[Input — start]

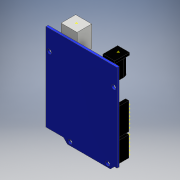
# Autodesk Inventor part: ArduinoUno
Saved by Autodesk Inventor 2016 (Build 200138000, 138)
## iProperties
Created: 2015-09-20
Part Number: ArduinoUno
Material: GFRP
Document SubType Name: Modeling
Designer: Artur
Density: 1.75 g/cm^3
Appearance: Smooth - Light Gray
Mass: 16.8005 g
Surface Area: 132.112 cm^2
Volume: 9.60028 cm^3
Author: Artur
Autodesk Inventor part; units mm, degrees
(part 1 of 3)
ref_plane "YZ Plane" through (0, 0, 0) normal (1, 0, 0) x (0, 1, 0)
ref_plane "XZ Plane" through (0, 0, 0) normal (0, 1, 0) x (-1, 0, 0)
sketch "Sketch1" plane through (0, 0, 0) normal (0, 1, 0) x (-1, 0, 0)
  line L0 (0, 0) -> (-53, 0)
  line L1 (-53, 0) -> (-53, -65)
  line L2 (-53, -65) -> (-51, -65)
  line L3 (-48, -68) -> (-16, -68)
  line L4 (-48, -68) -> (-51, -65)
  line L5 (0, -65) -> (-13, -65)
  circle A0 centre (-2.5, -15) radius 1.6
  circle A1 centre (-50.5, -13.9) radius 1.6
  circle A2 centre (-46, -65.5) radius 1.6
  circle A3 centre (-18, -65.5) radius 1.6
  line L6 (0, 0) -> (0, -93.7538) construction
  line L7 (-16, -68) -> (-13, -65)
  line L8 (0, -65) -> (0, 0)
  dimension "d0" = 53
  dimension "d1" = 65
  dimension "d2" = 2
  dimension "d3" = 32
  dimension "d4" = 68
  dimension "d5" = 5
  dimension "d6" = 13
  dimension "d7" = 3.2
  dimension "d9" = 15
  dimension "d10" = 3.2
  dimension "d11" = 1.1
  dimension "d12" = 2.5
  dimension "d13" = 3.2
  dimension "d14" = 3.2
  dimension "d15" = 7
  dimension "d16" = 65.5
  dimension "d17" = 35
  dimension "d18" = 65.5
  dimension "d20" = 2.5
  constraints: 18 end point, 4 centre point, 4 horizontal, 1 coincident, 1 collinear, 1 perpendicular, 1 point on line, 1 vertical
  measures "d0" distance of L0.start L0.end
  measures "d1" distance of L0.end L1.end
  measures "d2" distance of L1.end L2.end
  measures "d3" distance of L3.start L3.end
  measures "d4" distance between parallel lines of L0 L3
  measures "d5" distance from line of L1 L3.start
  measures "d6" distance of L5.start L5.end
  measures "d7" diameter of A0
  measures "d9" distance from line of L0 A0.centre
  measures "d10" diameter of A1
  measures "d11" vertical distance of A0.centre A1.centre
  measures "d12" distance from line of L1 A1.centre
  measures "d13" diameter of A2
  measures "d14" diameter of A3
  measures "d15" distance from line of L1 A2.centre
  measures "d16" distance from line of L0 A2.centre
  measures "d17" distance from line of L1 A3.centre
  measures "d18" distance from line of L0 A3.centre
  measures "d20" distance from line of L8 A0.centre
extrude "board" add sketch "Sketch1" against normal blind 1.6
sketch "Sketch2" plane through (0, 0, 0) normal (0, 1, 0) x (1, 0, 0)
  line L0 (9.6, 9.8) -> (9.6, -6.2)
  line L1 (9.6, -6.2) -> (21.6, -6.2)
  line L2 (21.6, -6.2) -> (21.6, 9.8)
  line L3 (21.6, 9.8) -> (9.6, 9.8)
  line L4 (0, 65) -> (0, 0) projected
  line L5 (0, 0) -> (53, 0) projected
  dimension "d23" = 16
  dimension "d24" = 12
  dimension "d25" = 9.6
  dimension "d26" = 9.8
  constraints: 8 end point, 3 perpendicular, 1 vertical
  measures "d23" distance of L0.start L0.end
  measures "d24" distance of L0.end L1.end
  measures "d25" distance between parallel lines of L4 L0
  measures "d26" distance between parallel lines of L5 L3
extrude "serialPort" add sketch "Sketch2" along normal blind 10.9 separate body
sketch "Sketch3" plane through (0, 0, 0) normal (0, 1, 0) x (1, 0, 0)
  line L0 (40.8, 12.2) -> (40.8, -1.8)
  line L1 (40.8, -1.8) -> (49.7, -1.8)
  line L2 (49.7, -1.8) -> (49.7, 12.2)
  line L3 (49.7, 12.2) -> (40.8, 12.2)
  line L4 (0, 0) -> (53, 0) projected
  line L5 (53, 0) -> (53, 65) projected
  dimension "d29" = 14
  dimension "d30" = 8.9
  dimension "d31" = 1.8
  dimension "d32" = 3.3
  constraints: 8 end point, 3 perpendicular, 1 vertical
  measures "d29" distance of L0.start L0.end
  measures "d30" distance of L0.end L1.end
  measures "d31" distance between parallel lines of L1 L4
  measures "d32" distance between parallel lines of L5 L2
extrude "powerPort" add sketch "Sketch3" along normal blind 11 separate body
sketch "Sketch4" plane through (0, 11, 0) normal (0, 1, 0) x (1, 0, 0)
  line L0 (0, 0) -> (53, 0) projected
split body "powerPortSplit" sketch "Sketch4" result two bodies bodies 3 curves L0 first body at (49.2, 3.6667, -4.0667)
fillet "powerPortFillet" radius 4.45 2 edges at (40.8, 11, -6.1) (49.7, 11, -6.1)
sketch "Sketch5" plane through (0, 0, 0) normal (0, 1, 0) x (1, 0, 0)
  line L0 (1.25, 43.5) -> (3.75, 43.5)
  line L1 (3.75, 43.5) -> (3.75, 18.5)
  line L2 (3.75, 18.5) -> (1.25, 18.5)
  line L3 (1.25, 18.5) -> (1.25, 43.5)
  line L4 (0, 65) -> (0, 0) projected
  line L5 (0, 0) -> (53, 0) projected
  line L6 (1.25, 64) -> (3.75, 64)
  line L7 (3.75, 64) -> (3.75, 44)
  line L8 (3.75, 44) -> (1.25, 44)
  line L9 (1.25, 44) -> (1.25, 64)
  line L10 (13, 65) -> (0, 65) projected
  line L11 (51.75, 64) -> (49.25, 64)
  line L12 (49.25, 64) -> (49.25, 49)
  line L13 (49.25, 49) -> (51.75, 49)
  line L14 (51.75, 49) -> (51.75, 64)
  line L15 (51.75, 47) -> (49.25, 47)
  line L16 (49.25, 27) -> (51.75, 27)
  line L17 (51.75, 47) -> (51.75, 27)
  line L18 (49.25, 47) -> (49.25, 27)
  point P0 (53, 65)
  dimension "d36" = 2.5
  dimension "d37" = 25
  dimension "d38" = 1.25
  dimension "d39" = 43.5
  dimension "d40" = 20
  dimension "d41" = 2.5
  dimension "d42" = 1
  dimension "d43" = 1.25
  dimension "d44" = 2.5
  dimension "d45" = 2.5
  dimension "d46" = 20
  dimension "d47" = 15
  dimension "d48" = 1.25
  dimension "d49" = 1
  dimension "d50" = 2
  constraints: 32 end point, 7 parallel, 4 horizontal, 3 perpendicular, 2 vertical, 1 point on line
  measures "d36" distance of L1.end L2.end
  measures "d37" distance of L0.end L1.end
  measures "d38" distance between parallel lines of L4 L3
  measures "d39" distance between parallel lines of L5 L0
  measures "d40" distance of L6.end L7.end
  measures "d41" distance of L7.end L8.end
  measures "d42" distance from line of L10 L6.start
  measures "d43" distance between parallel lines of L4 L9
  measures "d44" distance of L11.start L11.end
  measures "d45" distance of L15.start L15.end
  measures "d46" distance of L16.end L15.start
  measures "d47" distance of L13.end L11.start
  measures "d48" horizontal distance of point (53, 65) L11.start
  measures "d49" vertical distance of L11.start point (53, 65)
  measures "d50" distance of L15.start L13.end
extrude "pinsBase" add sketch "Sketch5" along normal blind 8.5 separate body
sketch "sketch6" plane through (0, 8.5, 0) normal (0, 1, 0) x (1, 0, 0)
  line L0 (1.5, 63.75) -> (3.5, 63.75)
  line L1 (3.5, 63.75) -> (3.5, 61.75)
  line L2 (3.5, 61.75) -> (1.5, 61.75)
  line L3 (1.5, 61.75) -> (1.5, 63.75)
  line L4 (3.75, 64) -> (1.25, 64) construction
  line L5 (1.25, 64) -> (1.25, 44) construction
  line L6 (1.5, 61.25) -> (3.5, 61.25)
  line L7 (3.5, 61.25) -> (3.5, 59.25)
  line L8 (3.5, 59.25) -> (1.5, 59.25)
  line L9 (1.5, 59.25) -> (1.5, 61.25)
  line L10 (1.5, 58.75) -> (3.5, 58.75)
  line L11 (3.5, 58.75) -> (3.5, 56.75)
  line L12 (3.5, 56.75) -> (1.5, 56.75)
  line L13 (1.5, 56.75) -> (1.5, 58.75)
  line L14 (1.5, 56.25) -> (3.5, 56.25)
  line L15 (3.5, 56.25) -> (3.5, 54.25)
  line L16 (3.5, 54.25) -> (1.5, 54.25)
  line L17 (1.5, 54.25) -> (1.5, 56.25)
  line L18 (1.5, 53.75) -> (3.5, 53.75)
  line L19 (3.5, 53.75) -> (3.5, 51.75)
  line L20 (3.5, 51.75) -> (1.5, 51.75)
  line L21 (1.5, 51.75) -> (1.5, 53.75)
  line L22 (1.5, 51.25) -> (3.5, 51.25)
  line L23 (3.5, 51.25) -> (3.5, 49.25)
  line L24 (3.5, 49.25) -> (1.5, 49.25)
  line L25 (1.5, 49.25) -> (1.5, 51.25)
  line L26 (1.5, 48.75) -> (3.5, 48.75)
  line L27 (3.5, 48.75) -> (3.5, 46.75)
  line L28 (3.5, 46.75) -> (1.5, 46.75)
  line L29 (1.5, 46.75) -> (1.5, 48.75)
  line L30 (1.5, 46.25) -> (3.5, 46.25)
  line L31 (3.5, 46.25) -> (3.5, 44.25)
  line L32 (3.5, 44.25) -> (1.5, 44.25)
  line L33 (1.5, 44.25) -> (1.5, 46.25)
  line L34 (3.75, 43.5) -> (1.25, 43.5) construction
  line L35 (1.25, 43.5) -> (1.25, 18.5) construction
  line L36 (1.5, 43.25) -> (3.5, 43.25)
  line L37 (3.5, 43.25) -> (3.5, 41.25)
  line L38 (3.5, 41.25) -> (1.5, 41.25)
  line L39 (1.5, 41.25) -> (1.5, 43.25)
  line L40 (1.5, 40.75) -> (3.5, 40.75)
  line L41 (3.5, 40.75) -> (3.5, 38.75)
  line L42 (3.5, 38.75) -> (1.5, 38.75)
  line L43 (1.5, 38.75) -> (1.5, 40.75)
  line L44 (1.5, 38.25) -> (3.5, 38.25)
  line L45 (3.5, 38.25) -> (3.5, 36.25)
  line L46 (3.5, 36.25) -> (1.5, 36.25)
  line L47 (1.5, 36.25) -> (1.5, 38.25)
  line L48 (1.5, 35.75) -> (3.5, 35.75)
  line L49 (3.5, 35.75) -> (3.5, 33.75)
  line L50 (3.5, 33.75) -> (1.5, 33.75)
  line L51 (1.5, 33.75) -> (1.5, 35.75)
  line L52 (1.5, 33.25) -> (3.5, 33.25)
  line L53 (3.5, 33.25) -> (3.5, 31.25)
  line L54 (3.5, 31.25) -> (1.5, 31.25)
  line L55 (1.5, 31.25) -> (1.5, 33.25)
  line L56 (1.5, 30.75) -> (3.5, 30.75)
  line L57 (3.5, 30.75) -> (3.5, 28.75)
  line L58 (3.5, 28.75) -> (1.5, 28.75)
  line L59 (1.5, 28.75) -> (1.5, 30.75)
  line L60 (1.5, 28.25) -> (3.5, 28.25)
  line L61 (3.5, 28.25) -> (3.5, 26.25)
  line L62 (3.5, 26.25) -> (1.5, 26.25)
  line L63 (1.5, 26.25) -> (1.5, 28.25)
  line L64 (1.5, 25.75) -> (3.5, 25.75)
  line L65 (3.5, 25.75) -> (3.5, 23.75)
  line L66 (3.5, 23.75) -> (1.5, 23.75)
  line L67 (1.5, 23.75) -> (1.5, 25.75)
  line L68 (1.5, 23.25) -> (3.5, 23.25)
  line L69 (3.5, 23.25) -> (3.5, 21.25)
  line L70 (3.5, 21.25) -> (1.5, 21.25)
  line L71 (1.5, 21.25) -> (1.5, 23.25)
  line L72 (1.5, 20.75) -> (3.5, 20.75)
  line L73 (3.5, 20.75) -> (3.5, 18.75)
  line L74 (3.5, 18.75) -> (1.5, 18.75)
  line L75 (1.5, 18.75) -> (1.5, 20.75)
  line L76 (49.5, 63.75) -> (51.5, 63.75)
  line L77 (51.5, 63.75) -> (51.5, 61.75)
  line L78 (51.5, 61.75) -> (49.5, 61.75)
  line L79 (49.5, 61.75) -> (49.5, 63.75)
  line L80 (49.5, 46.75) -> (51.5, 46.75)
  line L81 (51.5, 46.75) -> (51.5, 44.75)
  line L82 (51.5, 44.75) -> (49.5, 44.75)
  line L83 (49.5, 44.75) -> (49.5, 46.75)
  line L84 (51.75, 64) -> (49.25, 64) construction
  line L85 (49.25, 64) -> (49.25, 49) construction
  line L86 (51.75, 47) -> (49.25, 47) construction
  line L87 (49.25, 47) -> (49.25, 27) construction
  line L88 (51.5, 59.25) -> (49.5, 59.25)
  line L89 (49.5, 59.25) -> (49.5, 61.25)
  line L90 (49.5, 61.25) -> (51.5, 61.25)
  line L91 (51.5, 61.25) -> (51.5, 59.25)
  line L92 (51.5, 56.75) -> (49.5, 56.75)
  line L93 (49.5, 56.75) -> (49.5, 58.75)
  line L94 (49.5, 58.75) -> (51.5, 58.75)
  line L95 (51.5, 58.75) -> (51.5, 56.75)
  line L96 (51.5, 54.25) -> (49.5, 54.25)
  line L97 (49.5, 54.25) -> (49.5, 56.25)
  line L98 (49.5, 56.25) -> (51.5, 56.25)
  line L99 (51.5, 56.25) -> (51.5, 54.25)
  line L100 (51.5, 51.75) -> (49.5, 51.75)
  line L101 (49.5, 51.75) -> (49.5, 53.75)
  line L102 (49.5, 53.75) -> (51.5, 53.75)
  line L103 (51.5, 53.75) -> (51.5, 51.75)
  line L104 (51.5, 49.25) -> (49.5, 49.25)
  line L105 (49.5, 49.25) -> (49.5, 51.25)
  line L106 (49.5, 51.25) -> (51.5, 51.25)
  line L107 (51.5, 51.25) -> (51.5, 49.25)
  line L108 (49.5, 44.25) -> (51.5, 44.25)
  line L109 (49.5, 42.25) -> (49.5, 44.25)
  line L110 (51.5, 42.25) -> (49.5, 42.25)
  line L111 (51.5, 44.25) -> (51.5, 42.25)
  line L112 (49.5, 41.75) -> (51.5, 41.75)
  line L113 (49.5, 39.75) -> (49.5, 41.75)
  line L114 (51.5, 39.75) -> (49.5, 39.75)
  line L115 (51.5, 41.75) -> (51.5, 39.75)
  line L116 (49.5, 39.25) -> (51.5, 39.25)
  line L117 (49.5, 37.25) -> (49.5, 39.25)
  line L118 (51.5, 37.25) -> (49.5, 37.25)
  line L119 (51.5, 39.25) -> (51.5, 37.25)
  line L120 (49.5, 36.75) -> (51.5, 36.75)
  line L121 (49.5, 34.75) -> (49.5, 36.75)
  line L122 (51.5, 34.75) -> (49.5, 34.75)
  line L123 (51.5, 36.75) -> (51.5, 34.75)
  line L124 (49.5, 34.25) -> (51.5, 34.25)
  line L125 (49.5, 32.25) -> (49.5, 34.25)
  line L126 (51.5, 32.25) -> (49.5, 32.25)
  line L127 (51.5, 34.25) -> (51.5, 32.25)
  line L128 (49.5, 31.75) -> (51.5, 31.75)
  line L129 (49.5, 29.75) -> (49.5, 31.75)
  line L130 (51.5, 29.75) -> (49.5, 29.75)
  line L131 (51.5, 31.75) -> (51.5, 29.75)
  line L132 (49.5, 29.25) -> (51.5, 29.25)
  line L133 (49.5, 27.25) -> (49.5, 29.25)
  line L134 (51.5, 27.25) -> (49.5, 27.25)
  line L135 (51.5, 29.25) -> (51.5, 27.25)
  point P0 (0, 0)
  dimension "d53" = 2
  dimension "d54" = 2
  dimension "d55" = 0.25
  dimension "d56" = 0.25
  dimension "d61" = 2.5
  dimension "d70" = 2
  dimension "d71" = 2
  dimension "d72" = 0.25
  dimension "d73" = 0.25
  dimension "d76" = 2.5
  dimension "d89" = 2
  dimension "d90" = 2
  dimension "d99" = 2
  dimension "d100" = 2
  dimension "d101" = 0.25
  dimension "d102" = 0.25
  dimension "d103" = 0.25
  dimension "d104" = 0.25
  dimension "d107" = 2.5
  dimension "d114" = 2.5
  constraints: 256 end point, 8 parallel, 4 horizontal, 4 perpendicular, 4 vertical, 224 other
  measures "d53" distance of L1.end L2.end
  measures "d54" distance of L0.end L1.end
  measures "d55" distance from line of L4 L0.end
  measures "d56" distance from line of L5 L0.start
  measures "d61" distance of L0.start L6.start
  measures "d70" distance of L37.end L38.end
  measures "d71" distance of L37.start L37.end
  measures "d72" distance between parallel lines of L34 L36
  measures "d73" distance between parallel lines of L35 L39
  measures "d76" distance of L37.start L40.end
  measures "d89" distance of L78.start L78.end
  measures "d90" distance of L76.end L78.start
  measures "d99" distance of L82.start L82.end
  measures "d100" distance of L80.end L82.start
  measures "d101" distance between parallel lines of L86 L80
  measures "d102" distance between parallel lines of L87 L83
  measures "d103" distance between parallel lines of L84 L76
  measures "d104" distance between parallel lines of L85 L79
  measures "d107" distance of L78.end L88.end
  measures "d114" distance of L80.end L108.end
extrude "pinHoles" cut sketch "sketch6" against normal up to next bodies 6
sketch "pinLabelsSketch" plane through (0, 0, 0) normal (0, 1, 0) x (1, 0, 0)
  line L0 (10.8569, 44) -> (4, 44) construction
  line L1 (4, 44) -> (4, 64) construction
  line L2 (4, 64) -> (10.8569, 64) construction
  line L3 (10.8569, 64) -> (10.8569, 44) construction
  line L4 (3.5, 61.75) -> (1.5, 61.75) construction
  line L5 (3.75, 44) -> (3.75, 64) construction
  line L6 (1.25, 44) -> (3.75, 44) construction
  line L7 (3.75, 64) -> (1.25, 64) construction
  line L8 (10.2543, 23.75) -> (4, 23.75) construction
  line L9 (4, 23.75) -> (4, 43.5) construction
  line L10 (4, 43.5) -> (10.2543, 43.5) construction
  line L11 (10.2543, 43.5) -> (10.2543, 23.75) construction
  line L12 (3.75, 18.5) -> (3.75, 43.5) construction
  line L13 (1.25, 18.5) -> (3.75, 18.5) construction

[Input — finish]

**Your instructions**
Among the entries above, find the line with "line L12 (49.25, 64) -> (49.25, 49)" and the line with "line L12 (3.5, 56.75) -> (1.5, 56.75)"; give again exactly these two lines and all lines between them.

**Answer to this exercise**
  line L12 (49.25, 64) -> (49.25, 49)
  line L13 (49.25, 49) -> (51.75, 49)
  line L14 (51.75, 49) -> (51.75, 64)
  line L15 (51.75, 47) -> (49.25, 47)
  line L16 (49.25, 27) -> (51.75, 27)
  line L17 (51.75, 47) -> (51.75, 27)
  line L18 (49.25, 47) -> (49.25, 27)
  point P0 (53, 65)
  dimension "d36" = 2.5
  dimension "d37" = 25
  dimension "d38" = 1.25
  dimension "d39" = 43.5
  dimension "d40" = 20
  dimension "d41" = 2.5
  dimension "d42" = 1
  dimension "d43" = 1.25
  dimension "d44" = 2.5
  dimension "d45" = 2.5
  dimension "d46" = 20
  dimension "d47" = 15
  dimension "d48" = 1.25
  dimension "d49" = 1
  dimension "d50" = 2
  constraints: 32 end point, 7 parallel, 4 horizontal, 3 perpendicular, 2 vertical, 1 point on line
  measures "d36" distance of L1.end L2.end
  measures "d37" distance of L0.end L1.end
  measures "d38" distance between parallel lines of L4 L3
  measures "d39" distance between parallel lines of L5 L0
  measures "d40" distance of L6.end L7.end
  measures "d41" distance of L7.end L8.end
  measures "d42" distance from line of L10 L6.start
  measures "d43" distance between parallel lines of L4 L9
  measures "d44" distance of L11.start L11.end
  measures "d45" distance of L15.start L15.end
  measures "d46" distance of L16.end L15.start
  measures "d47" distance of L13.end L11.start
  measures "d48" horizontal distance of point (53, 65) L11.start
  measures "d49" vertical distance of L11.start point (53, 65)
  measures "d50" distance of L15.start L13.end
extrude "pinsBase" add sketch "Sketch5" along normal blind 8.5 separate body
sketch "sketch6" plane through (0, 8.5, 0) normal (0, 1, 0) x (1, 0, 0)
  line L0 (1.5, 63.75) -> (3.5, 63.75)
  line L1 (3.5, 63.75) -> (3.5, 61.75)
  line L2 (3.5, 61.75) -> (1.5, 61.75)
  line L3 (1.5, 61.75) -> (1.5, 63.75)
  line L4 (3.75, 64) -> (1.25, 64) construction
  line L5 (1.25, 64) -> (1.25, 44) construction
  line L6 (1.5, 61.25) -> (3.5, 61.25)
  line L7 (3.5, 61.25) -> (3.5, 59.25)
  line L8 (3.5, 59.25) -> (1.5, 59.25)
  line L9 (1.5, 59.25) -> (1.5, 61.25)
  line L10 (1.5, 58.75) -> (3.5, 58.75)
  line L11 (3.5, 58.75) -> (3.5, 56.75)
  line L12 (3.5, 56.75) -> (1.5, 56.75)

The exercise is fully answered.